# I have to sing in front of my class...ALONE



## forever21 (Mar 9, 2014)

As an end of the year assignment, we're required to write a song and then sing it in front of the class. Ever since I found out about that assignment, I felt like dying. Writing a song isn't bad, because I write songs all the time. But since I have major social anxiety, especially in this one certain class where I talk to absolutely no one, I'm stressing so much. 

The teacher is making this assignment worth 250 points. This is an AP class, so I barely have an A. I have a 90.1%. The fact that I work so hard on actual school work and to have this one assignment bring me down two letter grades makes me more stressed. 

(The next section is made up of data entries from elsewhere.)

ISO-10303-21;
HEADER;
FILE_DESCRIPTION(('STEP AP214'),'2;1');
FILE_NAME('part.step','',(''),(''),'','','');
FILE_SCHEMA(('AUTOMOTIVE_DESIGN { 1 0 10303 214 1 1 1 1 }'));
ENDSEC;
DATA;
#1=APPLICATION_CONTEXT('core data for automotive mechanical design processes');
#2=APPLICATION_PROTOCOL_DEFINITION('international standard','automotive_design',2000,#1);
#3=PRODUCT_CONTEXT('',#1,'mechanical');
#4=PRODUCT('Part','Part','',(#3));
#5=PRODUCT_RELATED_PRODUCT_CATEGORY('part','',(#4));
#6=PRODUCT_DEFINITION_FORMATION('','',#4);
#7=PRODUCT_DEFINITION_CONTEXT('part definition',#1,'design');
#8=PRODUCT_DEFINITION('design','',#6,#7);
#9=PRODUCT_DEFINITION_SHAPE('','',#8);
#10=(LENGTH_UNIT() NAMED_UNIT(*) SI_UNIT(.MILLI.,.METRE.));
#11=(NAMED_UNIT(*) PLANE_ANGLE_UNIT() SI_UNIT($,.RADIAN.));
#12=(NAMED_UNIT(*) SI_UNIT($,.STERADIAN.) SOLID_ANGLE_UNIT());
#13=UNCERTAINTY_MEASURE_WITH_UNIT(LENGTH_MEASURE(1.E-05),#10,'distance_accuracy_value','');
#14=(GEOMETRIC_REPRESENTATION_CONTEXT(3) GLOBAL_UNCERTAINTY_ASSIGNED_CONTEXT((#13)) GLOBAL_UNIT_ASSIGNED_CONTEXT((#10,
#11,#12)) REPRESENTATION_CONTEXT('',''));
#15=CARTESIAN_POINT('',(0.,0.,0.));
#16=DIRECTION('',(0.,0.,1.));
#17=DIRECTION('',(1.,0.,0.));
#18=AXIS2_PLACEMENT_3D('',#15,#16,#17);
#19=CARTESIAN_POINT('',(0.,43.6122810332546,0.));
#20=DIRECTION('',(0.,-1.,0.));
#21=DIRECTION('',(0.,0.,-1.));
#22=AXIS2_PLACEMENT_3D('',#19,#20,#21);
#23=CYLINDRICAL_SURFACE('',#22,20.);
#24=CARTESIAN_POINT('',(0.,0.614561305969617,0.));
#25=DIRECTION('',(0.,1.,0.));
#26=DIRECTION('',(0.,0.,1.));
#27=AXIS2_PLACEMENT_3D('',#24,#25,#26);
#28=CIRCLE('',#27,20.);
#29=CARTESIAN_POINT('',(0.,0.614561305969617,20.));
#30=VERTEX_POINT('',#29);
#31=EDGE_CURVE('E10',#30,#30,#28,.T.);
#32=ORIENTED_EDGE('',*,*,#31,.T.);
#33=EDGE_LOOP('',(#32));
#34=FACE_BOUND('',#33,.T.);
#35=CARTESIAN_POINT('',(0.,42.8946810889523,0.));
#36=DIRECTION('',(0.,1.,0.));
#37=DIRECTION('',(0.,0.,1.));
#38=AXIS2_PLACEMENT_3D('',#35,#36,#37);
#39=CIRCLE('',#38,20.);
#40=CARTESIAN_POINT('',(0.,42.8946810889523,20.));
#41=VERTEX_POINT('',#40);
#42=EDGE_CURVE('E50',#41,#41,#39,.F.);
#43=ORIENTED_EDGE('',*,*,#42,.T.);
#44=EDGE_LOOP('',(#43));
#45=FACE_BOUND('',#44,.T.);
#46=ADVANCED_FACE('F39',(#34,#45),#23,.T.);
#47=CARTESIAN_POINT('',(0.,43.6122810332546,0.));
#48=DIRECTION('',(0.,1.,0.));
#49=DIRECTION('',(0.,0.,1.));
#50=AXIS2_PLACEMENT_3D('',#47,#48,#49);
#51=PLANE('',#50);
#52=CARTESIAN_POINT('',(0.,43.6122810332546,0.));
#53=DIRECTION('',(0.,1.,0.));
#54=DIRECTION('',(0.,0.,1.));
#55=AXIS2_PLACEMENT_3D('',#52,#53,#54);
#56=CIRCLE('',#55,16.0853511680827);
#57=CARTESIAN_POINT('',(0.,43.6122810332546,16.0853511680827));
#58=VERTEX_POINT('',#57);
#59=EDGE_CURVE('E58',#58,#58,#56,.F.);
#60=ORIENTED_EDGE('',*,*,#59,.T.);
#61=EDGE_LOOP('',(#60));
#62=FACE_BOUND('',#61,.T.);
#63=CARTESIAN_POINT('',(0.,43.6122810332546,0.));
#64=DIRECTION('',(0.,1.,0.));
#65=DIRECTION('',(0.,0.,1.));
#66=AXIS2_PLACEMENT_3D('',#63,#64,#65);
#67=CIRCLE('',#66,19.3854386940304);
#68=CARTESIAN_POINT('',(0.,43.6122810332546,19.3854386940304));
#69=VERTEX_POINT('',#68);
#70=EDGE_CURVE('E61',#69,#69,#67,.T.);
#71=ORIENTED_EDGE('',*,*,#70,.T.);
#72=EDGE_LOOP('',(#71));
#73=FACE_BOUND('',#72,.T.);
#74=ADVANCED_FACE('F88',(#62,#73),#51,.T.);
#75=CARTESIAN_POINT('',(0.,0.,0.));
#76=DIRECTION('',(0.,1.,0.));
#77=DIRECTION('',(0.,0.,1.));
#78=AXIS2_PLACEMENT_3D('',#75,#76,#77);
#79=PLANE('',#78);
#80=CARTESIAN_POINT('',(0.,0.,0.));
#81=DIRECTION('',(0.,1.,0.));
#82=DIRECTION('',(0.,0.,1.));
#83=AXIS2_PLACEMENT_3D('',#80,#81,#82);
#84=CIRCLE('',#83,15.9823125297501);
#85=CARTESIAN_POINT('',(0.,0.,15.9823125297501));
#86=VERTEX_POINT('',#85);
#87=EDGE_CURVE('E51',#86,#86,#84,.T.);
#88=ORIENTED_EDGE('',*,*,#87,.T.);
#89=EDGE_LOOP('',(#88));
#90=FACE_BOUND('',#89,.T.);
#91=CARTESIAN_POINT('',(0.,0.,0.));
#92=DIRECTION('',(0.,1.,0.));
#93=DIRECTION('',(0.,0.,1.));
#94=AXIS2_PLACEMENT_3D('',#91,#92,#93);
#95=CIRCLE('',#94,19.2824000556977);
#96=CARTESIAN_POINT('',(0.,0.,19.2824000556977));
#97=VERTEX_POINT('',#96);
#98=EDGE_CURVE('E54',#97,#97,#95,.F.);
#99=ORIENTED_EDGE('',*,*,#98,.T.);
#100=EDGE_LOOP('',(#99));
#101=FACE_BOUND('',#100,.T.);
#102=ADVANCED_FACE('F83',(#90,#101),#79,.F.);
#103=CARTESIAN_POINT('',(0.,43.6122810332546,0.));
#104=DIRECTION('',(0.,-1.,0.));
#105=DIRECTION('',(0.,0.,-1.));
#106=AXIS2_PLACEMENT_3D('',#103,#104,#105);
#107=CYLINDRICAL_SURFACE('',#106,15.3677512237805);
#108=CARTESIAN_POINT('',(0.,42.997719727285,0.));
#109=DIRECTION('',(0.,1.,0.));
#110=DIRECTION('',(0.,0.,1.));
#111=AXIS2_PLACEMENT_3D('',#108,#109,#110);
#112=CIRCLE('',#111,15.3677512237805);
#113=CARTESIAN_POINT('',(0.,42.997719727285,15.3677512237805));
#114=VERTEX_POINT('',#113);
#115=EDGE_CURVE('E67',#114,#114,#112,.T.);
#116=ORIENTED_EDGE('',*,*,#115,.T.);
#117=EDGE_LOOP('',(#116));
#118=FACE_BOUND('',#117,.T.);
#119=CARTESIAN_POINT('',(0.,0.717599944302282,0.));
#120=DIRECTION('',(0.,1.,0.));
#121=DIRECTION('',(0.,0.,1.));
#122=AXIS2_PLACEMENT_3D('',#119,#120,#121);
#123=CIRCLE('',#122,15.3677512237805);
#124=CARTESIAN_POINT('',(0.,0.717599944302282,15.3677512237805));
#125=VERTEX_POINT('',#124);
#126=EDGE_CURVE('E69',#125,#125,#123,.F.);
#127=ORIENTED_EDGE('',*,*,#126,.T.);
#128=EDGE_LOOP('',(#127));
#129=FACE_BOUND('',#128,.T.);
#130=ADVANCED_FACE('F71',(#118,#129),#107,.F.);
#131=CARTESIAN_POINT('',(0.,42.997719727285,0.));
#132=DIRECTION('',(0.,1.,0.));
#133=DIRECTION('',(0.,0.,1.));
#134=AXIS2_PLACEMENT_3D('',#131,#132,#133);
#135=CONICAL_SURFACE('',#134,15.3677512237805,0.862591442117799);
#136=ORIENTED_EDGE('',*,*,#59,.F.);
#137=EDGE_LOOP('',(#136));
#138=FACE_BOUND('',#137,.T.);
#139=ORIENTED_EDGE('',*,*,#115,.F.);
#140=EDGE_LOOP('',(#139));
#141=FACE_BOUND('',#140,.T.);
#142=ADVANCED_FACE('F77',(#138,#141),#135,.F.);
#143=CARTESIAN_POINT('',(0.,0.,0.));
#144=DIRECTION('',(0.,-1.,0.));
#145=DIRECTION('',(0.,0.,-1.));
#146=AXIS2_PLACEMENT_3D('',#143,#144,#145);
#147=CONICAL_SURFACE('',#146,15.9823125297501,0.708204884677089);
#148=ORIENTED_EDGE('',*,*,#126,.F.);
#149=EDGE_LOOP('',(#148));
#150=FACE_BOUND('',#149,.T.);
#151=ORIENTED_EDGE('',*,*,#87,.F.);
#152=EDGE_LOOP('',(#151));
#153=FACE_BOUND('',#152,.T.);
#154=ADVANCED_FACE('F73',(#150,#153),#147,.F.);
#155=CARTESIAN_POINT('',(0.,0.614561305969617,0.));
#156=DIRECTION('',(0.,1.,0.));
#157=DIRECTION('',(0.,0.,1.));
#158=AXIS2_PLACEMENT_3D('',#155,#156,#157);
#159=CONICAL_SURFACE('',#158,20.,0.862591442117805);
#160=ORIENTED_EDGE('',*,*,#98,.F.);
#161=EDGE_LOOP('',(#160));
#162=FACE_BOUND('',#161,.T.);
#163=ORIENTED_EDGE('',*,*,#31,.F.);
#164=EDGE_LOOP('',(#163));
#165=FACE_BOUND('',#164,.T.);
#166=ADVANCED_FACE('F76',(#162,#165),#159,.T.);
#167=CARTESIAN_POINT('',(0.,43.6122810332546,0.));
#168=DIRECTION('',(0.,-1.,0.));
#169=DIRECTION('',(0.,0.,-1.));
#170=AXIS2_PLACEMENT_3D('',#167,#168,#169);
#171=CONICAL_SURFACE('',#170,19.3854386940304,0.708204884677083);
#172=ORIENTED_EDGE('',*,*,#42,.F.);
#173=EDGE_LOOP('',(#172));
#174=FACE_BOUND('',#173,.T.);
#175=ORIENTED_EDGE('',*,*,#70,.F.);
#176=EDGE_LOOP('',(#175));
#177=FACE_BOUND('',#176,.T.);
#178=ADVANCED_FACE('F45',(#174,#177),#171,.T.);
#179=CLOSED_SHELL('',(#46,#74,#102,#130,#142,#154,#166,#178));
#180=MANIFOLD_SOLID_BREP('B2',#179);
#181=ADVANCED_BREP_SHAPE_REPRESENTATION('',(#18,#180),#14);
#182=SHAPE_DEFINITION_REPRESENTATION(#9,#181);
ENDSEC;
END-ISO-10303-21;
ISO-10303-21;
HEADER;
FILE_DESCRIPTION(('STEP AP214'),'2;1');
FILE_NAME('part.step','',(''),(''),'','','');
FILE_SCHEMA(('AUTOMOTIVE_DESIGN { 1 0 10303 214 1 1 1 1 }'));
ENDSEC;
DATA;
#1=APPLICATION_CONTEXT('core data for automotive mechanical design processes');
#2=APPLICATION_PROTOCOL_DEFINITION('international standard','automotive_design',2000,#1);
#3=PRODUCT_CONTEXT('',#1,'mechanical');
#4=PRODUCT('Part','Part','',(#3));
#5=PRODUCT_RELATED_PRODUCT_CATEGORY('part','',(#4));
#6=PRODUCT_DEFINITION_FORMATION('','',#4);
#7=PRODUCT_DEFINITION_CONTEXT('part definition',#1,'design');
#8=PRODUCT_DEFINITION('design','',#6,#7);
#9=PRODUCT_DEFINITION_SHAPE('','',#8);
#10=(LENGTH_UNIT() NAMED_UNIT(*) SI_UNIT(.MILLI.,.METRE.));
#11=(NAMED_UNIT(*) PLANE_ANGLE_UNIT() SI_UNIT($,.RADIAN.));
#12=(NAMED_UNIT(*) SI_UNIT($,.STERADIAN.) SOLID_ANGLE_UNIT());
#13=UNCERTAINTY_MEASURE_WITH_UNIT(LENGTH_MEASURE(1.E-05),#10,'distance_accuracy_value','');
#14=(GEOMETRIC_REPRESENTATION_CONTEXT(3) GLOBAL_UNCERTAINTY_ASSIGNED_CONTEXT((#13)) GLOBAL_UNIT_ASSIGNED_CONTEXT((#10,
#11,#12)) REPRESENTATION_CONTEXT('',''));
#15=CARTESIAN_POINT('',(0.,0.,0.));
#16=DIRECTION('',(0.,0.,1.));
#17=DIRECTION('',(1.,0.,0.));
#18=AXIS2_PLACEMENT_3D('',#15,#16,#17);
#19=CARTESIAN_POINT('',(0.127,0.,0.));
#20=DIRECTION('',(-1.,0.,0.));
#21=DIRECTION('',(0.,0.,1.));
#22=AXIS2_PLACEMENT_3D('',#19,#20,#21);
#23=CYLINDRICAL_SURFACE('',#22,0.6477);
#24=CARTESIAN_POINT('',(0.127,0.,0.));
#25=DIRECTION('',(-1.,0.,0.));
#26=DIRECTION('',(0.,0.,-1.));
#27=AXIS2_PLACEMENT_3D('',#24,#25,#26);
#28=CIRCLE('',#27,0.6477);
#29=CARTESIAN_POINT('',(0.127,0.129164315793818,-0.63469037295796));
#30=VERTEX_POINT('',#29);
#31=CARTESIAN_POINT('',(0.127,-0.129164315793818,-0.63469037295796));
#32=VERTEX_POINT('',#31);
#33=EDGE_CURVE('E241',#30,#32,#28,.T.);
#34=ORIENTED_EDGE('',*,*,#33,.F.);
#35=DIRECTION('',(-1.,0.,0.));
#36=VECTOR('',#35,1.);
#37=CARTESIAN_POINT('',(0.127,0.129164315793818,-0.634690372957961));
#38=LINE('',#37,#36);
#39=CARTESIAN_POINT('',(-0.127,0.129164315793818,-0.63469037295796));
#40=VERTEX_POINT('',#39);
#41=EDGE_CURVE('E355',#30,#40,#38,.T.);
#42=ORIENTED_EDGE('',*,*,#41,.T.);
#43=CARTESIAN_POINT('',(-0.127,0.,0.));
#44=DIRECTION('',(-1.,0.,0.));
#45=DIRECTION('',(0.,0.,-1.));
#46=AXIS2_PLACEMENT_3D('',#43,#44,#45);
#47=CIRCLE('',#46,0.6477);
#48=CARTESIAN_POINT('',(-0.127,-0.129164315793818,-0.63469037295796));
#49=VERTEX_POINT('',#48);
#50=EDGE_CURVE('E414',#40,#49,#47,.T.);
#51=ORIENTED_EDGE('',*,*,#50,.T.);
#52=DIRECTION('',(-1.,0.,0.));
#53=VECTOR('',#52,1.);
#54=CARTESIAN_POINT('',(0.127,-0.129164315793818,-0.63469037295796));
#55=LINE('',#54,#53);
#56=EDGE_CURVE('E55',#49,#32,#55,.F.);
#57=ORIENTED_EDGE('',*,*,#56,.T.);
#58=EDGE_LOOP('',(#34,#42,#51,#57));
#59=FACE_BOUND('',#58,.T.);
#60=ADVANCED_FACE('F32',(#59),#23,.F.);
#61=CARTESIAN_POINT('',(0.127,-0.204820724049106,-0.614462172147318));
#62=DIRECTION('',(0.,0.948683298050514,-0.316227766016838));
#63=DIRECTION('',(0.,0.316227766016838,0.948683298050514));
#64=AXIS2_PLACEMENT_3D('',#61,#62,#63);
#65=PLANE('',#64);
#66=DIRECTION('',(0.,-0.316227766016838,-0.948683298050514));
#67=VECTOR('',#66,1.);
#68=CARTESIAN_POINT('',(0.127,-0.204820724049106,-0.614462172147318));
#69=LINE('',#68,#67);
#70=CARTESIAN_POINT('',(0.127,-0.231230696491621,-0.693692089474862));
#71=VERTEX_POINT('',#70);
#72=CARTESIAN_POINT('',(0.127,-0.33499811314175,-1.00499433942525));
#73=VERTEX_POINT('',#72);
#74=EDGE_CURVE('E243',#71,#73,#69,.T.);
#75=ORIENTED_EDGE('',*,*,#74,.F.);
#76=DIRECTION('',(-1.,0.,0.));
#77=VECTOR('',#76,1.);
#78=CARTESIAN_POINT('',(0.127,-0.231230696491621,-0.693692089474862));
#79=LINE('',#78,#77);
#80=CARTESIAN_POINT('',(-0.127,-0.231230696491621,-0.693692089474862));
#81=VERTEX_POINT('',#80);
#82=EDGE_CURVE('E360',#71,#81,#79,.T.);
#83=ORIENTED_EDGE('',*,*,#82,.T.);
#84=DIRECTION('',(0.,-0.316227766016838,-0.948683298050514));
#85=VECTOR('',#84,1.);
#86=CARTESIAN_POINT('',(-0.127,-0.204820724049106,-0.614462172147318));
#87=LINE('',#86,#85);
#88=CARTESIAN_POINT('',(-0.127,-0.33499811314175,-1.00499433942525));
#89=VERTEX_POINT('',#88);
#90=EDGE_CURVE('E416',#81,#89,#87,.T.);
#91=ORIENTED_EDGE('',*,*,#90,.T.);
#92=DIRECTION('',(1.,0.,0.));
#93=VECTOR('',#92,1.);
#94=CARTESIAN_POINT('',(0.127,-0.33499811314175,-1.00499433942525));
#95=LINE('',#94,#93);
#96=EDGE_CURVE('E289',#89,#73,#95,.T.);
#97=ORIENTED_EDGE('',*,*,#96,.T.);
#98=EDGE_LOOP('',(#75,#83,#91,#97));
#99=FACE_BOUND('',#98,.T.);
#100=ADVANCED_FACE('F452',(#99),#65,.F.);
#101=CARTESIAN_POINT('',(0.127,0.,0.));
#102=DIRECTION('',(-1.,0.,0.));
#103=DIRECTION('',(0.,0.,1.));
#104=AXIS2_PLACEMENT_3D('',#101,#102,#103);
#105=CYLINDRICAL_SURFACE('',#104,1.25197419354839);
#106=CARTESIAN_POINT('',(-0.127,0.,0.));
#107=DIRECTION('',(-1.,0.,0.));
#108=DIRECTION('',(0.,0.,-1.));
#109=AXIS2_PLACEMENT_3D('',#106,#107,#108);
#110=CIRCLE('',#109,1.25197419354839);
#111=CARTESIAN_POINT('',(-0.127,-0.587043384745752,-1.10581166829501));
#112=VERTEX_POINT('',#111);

I told my teacher that I didn't want to do this, and that I *COULDNT* (she knows that I have this problem) and she said that you have to be present and sing your song in order to receive full credit. I don't have a group to sing with either since I don't know anyone. And even if I did, all the groups have already formed and I'm alone. 

I have all A's, but I calculated that if don't show up and don't do it, it'll bring my grade down to a C-. I can't let that affect my GPa especially since I'm a junior. 

Now I'm at a dead end, and I feel like crying. I can't do this, I can't even talk in front of the class, how am I supposed to sing? It's also going to be embarrassing how everyone is with their friends in groups, while I'll be going up in front of the class alone. 

NOTE: this isn't even a music class, it's an AP language arts class. 

Because of this assignment, I seriously feel like killing myself. I really don't want this to affect my grade, but it WILL. But at the same time I know for a fact I CANNOT sing in front of them. 

I'm in class right now and this assignment is really interfering with me. I can't concentrate on anything, all I can think about is my hard work going down the drain because of this one stupid assignment. I can't eat, I can't think, I can't do anything. I couldn't even eat my lunch today, and now I'm in class writing about this.. 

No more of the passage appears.